[Opening Records provided section]

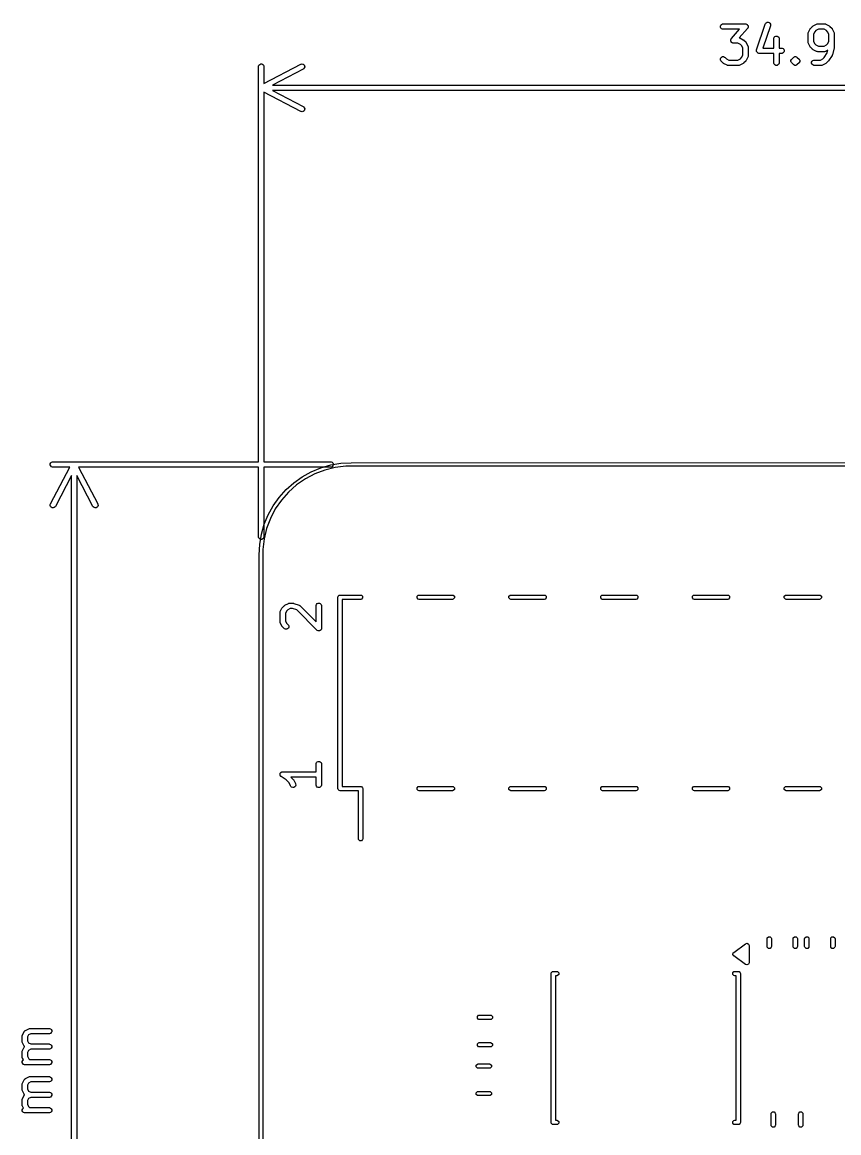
# Model space of a CAD drawing. Header units: inches. Extents: x 4.8 to 6.93, y -5.65 to -3.45.
# Drawn here: x 5.133 to 6.023, y -4.661 to -3.451 of the extents above; entities that cross this region are included whole.
import ezdxf

# ---------------------------------------------------------------- set-up
doc = ezdxf.new("R2010")
doc.units = ezdxf.units.IN
doc.header["$MEASUREMENT"] = 0
doc.layers.add('F.Silkscreen', color=41, linetype='CONTINUOUS', true_color=0xf2eda1)

msp = doc.modelspace()

# ---------------------------------------------------------------- linework, layer by layer
at = {"layer": 'F.Silkscreen', "linetype": 'CONTINUOUS'}
for p, q in [((5.9442, -3.4512), (5.9452, -3.4506)), ((5.9452, -3.4506), (5.9464, -3.4506)), ((5.9464, -3.4506), (5.9475, -3.4509)), ((5.8944, -3.4548), (5.8948, -3.4537)), ((5.8944, -3.4559), (5.8944, -3.4548)), ((5.8948, -3.457), (5.8944, -3.4559)), ((5.8948, -3.4537), (5.8956, -3.4529)), ((5.8956, -3.4578), (5.8948, -3.457)), ((5.8956, -3.4529), (5.8967, -3.4525)), ((5.8967, -3.4583), (5.8956, -3.4578)), ((5.8967, -3.4525), (5.8973, -3.4524)), ((5.8973, -3.4583), (5.8967, -3.4583)), ((5.8973, -3.4524), (5.9216, -3.4524)), ((5.9151, -3.4583), (5.8973, -3.4583)), ((5.9063, -3.4684), (5.9151, -3.4583)), ((5.9239, -3.4573), (5.9149, -3.4675)), ((5.9216, -3.4524), (5.9219, -3.4524)), ((5.9219, -3.4524), (5.922, -3.4524)), ((5.922, -3.4524), (5.9221, -3.4525)), ((5.9221, -3.4525), (5.9222, -3.4525)), ((5.9222, -3.4525), (5.9227, -3.4527)), ((5.9227, -3.4527), (5.9231, -3.4528)), ((5.9231, -3.4528), (5.9232, -3.4529)), ((5.9232, -3.4529), (5.9233, -3.4529)), ((5.9233, -3.4529), (5.9236, -3.4532)), ((5.9236, -3.4532), (5.924, -3.4536)), ((5.924, -3.4571), (5.9239, -3.4573)), ((5.924, -3.4536), (5.924, -3.4537)), ((5.924, -3.4537), (5.9241, -3.4537)), ((5.9241, -3.457), (5.924, -3.4571)), ((5.9241, -3.4537), (5.9243, -3.4542)), ((5.9242, -3.4568), (5.9241, -3.457)), ((5.9241, -3.457), (5.9241, -3.457)), ((5.9244, -3.4564), (5.9242, -3.4568)), ((5.9243, -3.4542), (5.9245, -3.4546)), ((5.9245, -3.4559), (5.9244, -3.4564)), ((5.9245, -3.4546), (5.9245, -3.4547)), ((5.9245, -3.4547), (5.9245, -3.4548)), ((5.9245, -3.4548), (5.9245, -3.4553)), ((5.9245, -3.4553), (5.9246, -3.4557)), ((5.9246, -3.4557), (5.9245, -3.4558)), ((5.9245, -3.4558), (5.9245, -3.4559)), ((5.9338, -3.4807), (5.9432, -3.4526)), ((5.9488, -3.4544), (5.9407, -3.4787)), ((5.9432, -3.4526), (5.9434, -3.452)), ((5.9434, -3.452), (5.9442, -3.4512)), ((5.9475, -3.4509), (5.9483, -3.4517)), ((5.9483, -3.4517), (5.9489, -3.4527)), ((5.9489, -3.4539), (5.9488, -3.4544)), ((5.9489, -3.4527), (5.9489, -3.4539)), ((5.9899, -3.4629), (5.99, -3.4623)), ((5.9899, -3.4722), (5.9899, -3.4629)), ((5.99, -3.4621), (5.9902, -3.4615)), ((5.99, -3.4622), (5.99, -3.4621)), ((5.99, -3.4623), (5.99, -3.4622)), ((5.9902, -3.4615), (5.9921, -3.4578)), ((5.9921, -3.4578), (5.9923, -3.4575)), ((5.9923, -3.4575), (5.9924, -3.4574)), ((5.9923, -3.4575), (5.9923, -3.4575)), ((5.9924, -3.4574), (5.9924, -3.4573)), ((5.9924, -3.4573), (5.9925, -3.4573)), ((5.9925, -3.4573), (5.9927, -3.457)), ((5.9927, -3.457), (5.9945, -3.4552)), ((5.9945, -3.4552), (5.9948, -3.455)), ((5.9948, -3.4549), (5.9949, -3.4548)), ((5.9948, -3.455), (5.9948, -3.4549)), ((5.9949, -3.4548), (5.995, -3.4548)), ((5.995, -3.4548), (5.9951, -3.4548)), ((5.9951, -3.4548), (5.9953, -3.4546)), ((5.9953, -3.4546), (5.9991, -3.4527)), ((5.9972, -3.4609), (5.9958, -3.4636)), ((5.9984, -3.4597), (5.9972, -3.4609)), ((6.0011, -3.4583), (5.9984, -3.4597)), ((5.9991, -3.4527), (5.9996, -3.4525)), ((5.9996, -3.4525), (5.9997, -3.4525)), ((5.9997, -3.4525), (5.9998, -3.4525)), ((5.9998, -3.4525), (6.0004, -3.4524)), ((6.0004, -3.4524), (6.0079, -3.4524)), ((6.0072, -3.4583), (6.0011, -3.4583)), ((6.0099, -3.4597), (6.0072, -3.4583)), ((6.0079, -3.4524), (6.0085, -3.4525)), ((6.0085, -3.4525), (6.0086, -3.4525)), ((6.0086, -3.4525), (6.0087, -3.4525)), ((6.0087, -3.4525), (6.0092, -3.4527)), ((6.0092, -3.4527), (6.0129, -3.4546)), ((6.0111, -3.4609), (6.0099, -3.4597)), ((6.0124, -3.4636), (6.0111, -3.4609)), ((6.0129, -3.4546), (6.0132, -3.4548)), ((6.0132, -3.4548), (6.0133, -3.4548)), ((6.0133, -3.4548), (6.0133, -3.4548)), ((6.0133, -3.4548), (6.0134, -3.4549)), ((6.0134, -3.4549), (6.0135, -3.455)), ((6.0135, -3.455), (6.0137, -3.4552)), ((6.0137, -3.4552), (6.0156, -3.457)), ((6.0156, -3.457), (6.0158, -3.4573)), ((6.0158, -3.4573), (6.0158, -3.4573)), ((6.0158, -3.4573), (6.0159, -3.4574)), ((6.0159, -3.4574), (6.016, -3.4575)), ((6.016, -3.4575), (6.016, -3.4575)), ((6.016, -3.4575), (6.0161, -3.4578)), ((6.0161, -3.4578), (6.018, -3.4615)), ((6.018, -3.4615), (6.0182, -3.4621)), ((6.0182, -3.4621), (6.0182, -3.4622)), ((6.0182, -3.4622), (6.0183, -3.4623)), ((6.0183, -3.4623), (6.0183, -3.4629)), ((6.0183, -3.4629), (6.0183, -3.4779)), ((5.9056, -3.4698), (5.9058, -3.4693)), ((5.9056, -3.4699), (5.9056, -3.4698)), ((5.9056, -3.47), (5.9056, -3.4699)), ((5.9056, -3.4705), (5.9056, -3.47)), ((5.9056, -3.4709), (5.9056, -3.4705)), ((5.9057, -3.471), (5.9056, -3.4709)), ((5.9057, -3.4711), (5.9057, -3.471)), ((5.9059, -3.4716), (5.9057, -3.4711)), ((5.9058, -3.4693), (5.906, -3.4689)), ((5.9061, -3.472), (5.9059, -3.4716)), ((5.906, -3.4688), (5.9061, -3.4687)), ((5.906, -3.4689), (5.906, -3.4688)), ((5.9061, -3.4687), (5.9063, -3.4684)), ((5.9061, -3.4687), (5.9061, -3.4687)), ((5.9061, -3.4721), (5.9061, -3.472)), ((5.9062, -3.4722), (5.9061, -3.4721)), ((5.9065, -3.4725), (5.9062, -3.4722)), ((5.9069, -3.4728), (5.9065, -3.4725)), ((5.907, -3.4729), (5.9069, -3.4728)), ((5.9075, -3.4731), (5.907, -3.4729)), ((5.907, -3.4729), (5.907, -3.4729)), ((5.9079, -3.4733), (5.9075, -3.4731)), ((5.9081, -3.4733), (5.9079, -3.4733)), ((5.9082, -3.4733), (5.9081, -3.4733)), ((5.9081, -3.4733), (5.9081, -3.4733)), ((5.9085, -3.4733), (5.9082, -3.4733)), ((5.9134, -3.4733), (5.9085, -3.4733)), ((5.9161, -3.4747), (5.9134, -3.4733)), ((5.9149, -3.4675), (5.9155, -3.4677)), ((5.9155, -3.4677), (5.9192, -3.4696)), ((5.9173, -3.4759), (5.9161, -3.4747)), ((5.9192, -3.4696), (5.9195, -3.4698)), ((5.9195, -3.4698), (5.9195, -3.4698)), ((5.9195, -3.4698), (5.9196, -3.4698)), ((5.9196, -3.4698), (5.9197, -3.4699)), ((5.9197, -3.4699), (5.9198, -3.47)), ((5.9198, -3.47), (5.92, -3.4701)), ((5.92, -3.4701), (5.9219, -3.472)), ((5.9219, -3.472), (5.922, -3.4722)), ((5.922, -3.4722), (5.9221, -3.4723)), ((5.9221, -3.4723), (5.9222, -3.4724)), ((5.9222, -3.4724), (5.9222, -3.4725)), ((5.9222, -3.4725), (5.9222, -3.4725)), ((5.9222, -3.4725), (5.9224, -3.4728)), ((5.9224, -3.4728), (5.9243, -3.4765)), ((5.9524, -3.4685), (5.9525, -3.4679)), ((5.9524, -3.4787), (5.9524, -3.4685)), ((5.9525, -3.4679), (5.9529, -3.4668)), ((5.9529, -3.4668), (5.9537, -3.466)), ((5.9537, -3.466), (5.9548, -3.4656)), ((5.9548, -3.4656), (5.956, -3.4656)), ((5.956, -3.4656), (5.957, -3.466)), ((5.957, -3.466), (5.9578, -3.4668)), ((5.9578, -3.4668), (5.9583, -3.4679)), ((5.9583, -3.4679), (5.9583, -3.4685)), ((5.9583, -3.4685), (5.9583, -3.4787)), ((5.99, -3.4728), (5.9899, -3.4722)), ((5.99, -3.4729), (5.99, -3.4728)), ((5.99, -3.473), (5.99, -3.4729)), ((5.9902, -3.4736), (5.99, -3.473)), ((5.9921, -3.4773), (5.9902, -3.4736)), ((5.9958, -3.4636), (5.9958, -3.4715)), ((5.9958, -3.4715), (5.9972, -3.4742)), ((5.9972, -3.4742), (5.9984, -3.4754)), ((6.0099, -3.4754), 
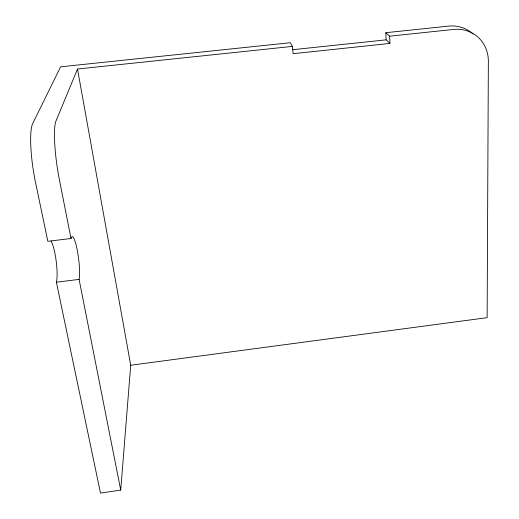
<?xml version="1.0" encoding="UTF-8"?>
<svg xmlns="http://www.w3.org/2000/svg" width="519" height="519" viewBox="0 0 519 519"><rect width="100%" height="100%" fill="white"/><g stroke="black" fill="none" stroke-linecap="round" stroke-linejoin="round"><path stroke-width="0.78" d="M51.05 241.004A22.713 4.21 82.8 0 1 56.182 261.07A22.713 4.21 82.8 0 1 56.389 282.213L100.485 493.05L120.726 490.111L130.717 365.246L77.5 69.021L292.476 46.399L293.079 53.691L389.925 43.427L389.646 36.174L385.831 32.703L448.526 26.132A36.051 32.768 -51.3 0 1 472.971 33.962M77.5 69.021L55.968 121.024A45.361 7.143 81.9 0 0 59.341 179.444L71.012 238.506A22.661 3.639 82.8 0 1 77.182 249.782A22.661 3.639 82.8 0 1 79.089 279.378L120.726 490.111M130.717 365.246L487.133 317.667L488.36 61.411A36.687 33.261 -50.7 0 0 453.431 29.46L389.646 36.174M56.389 282.213L79.089 279.378M71.012 238.506L47.839 241.309L35.474 182.201A45.464 8.265 81.7 0 1 32.684 123.574L60.626 66.808L290.355 42.72L292.476 46.399M292.554 49.72L386.123 39.846L389.925 43.427M385.831 32.703L386.123 39.846"/></g></svg>

[Closing Records provided section]

[Task goal]
Look above for the line holding "import ezdxf" and the line holding "msp = doc.modelspace()", then output exactly those two lines and every line between them, nothing more.

[Answer to the problem]
import ezdxf

# ---------------------------------------------------------------- set-up
doc = ezdxf.new("R2010")
doc.units = ezdxf.units.IN
doc.header["$MEASUREMENT"] = 0
doc.layers.add('F.Silkscreen', color=41, linetype='CONTINUOUS', true_color=0xf2eda1)

msp = doc.modelspace()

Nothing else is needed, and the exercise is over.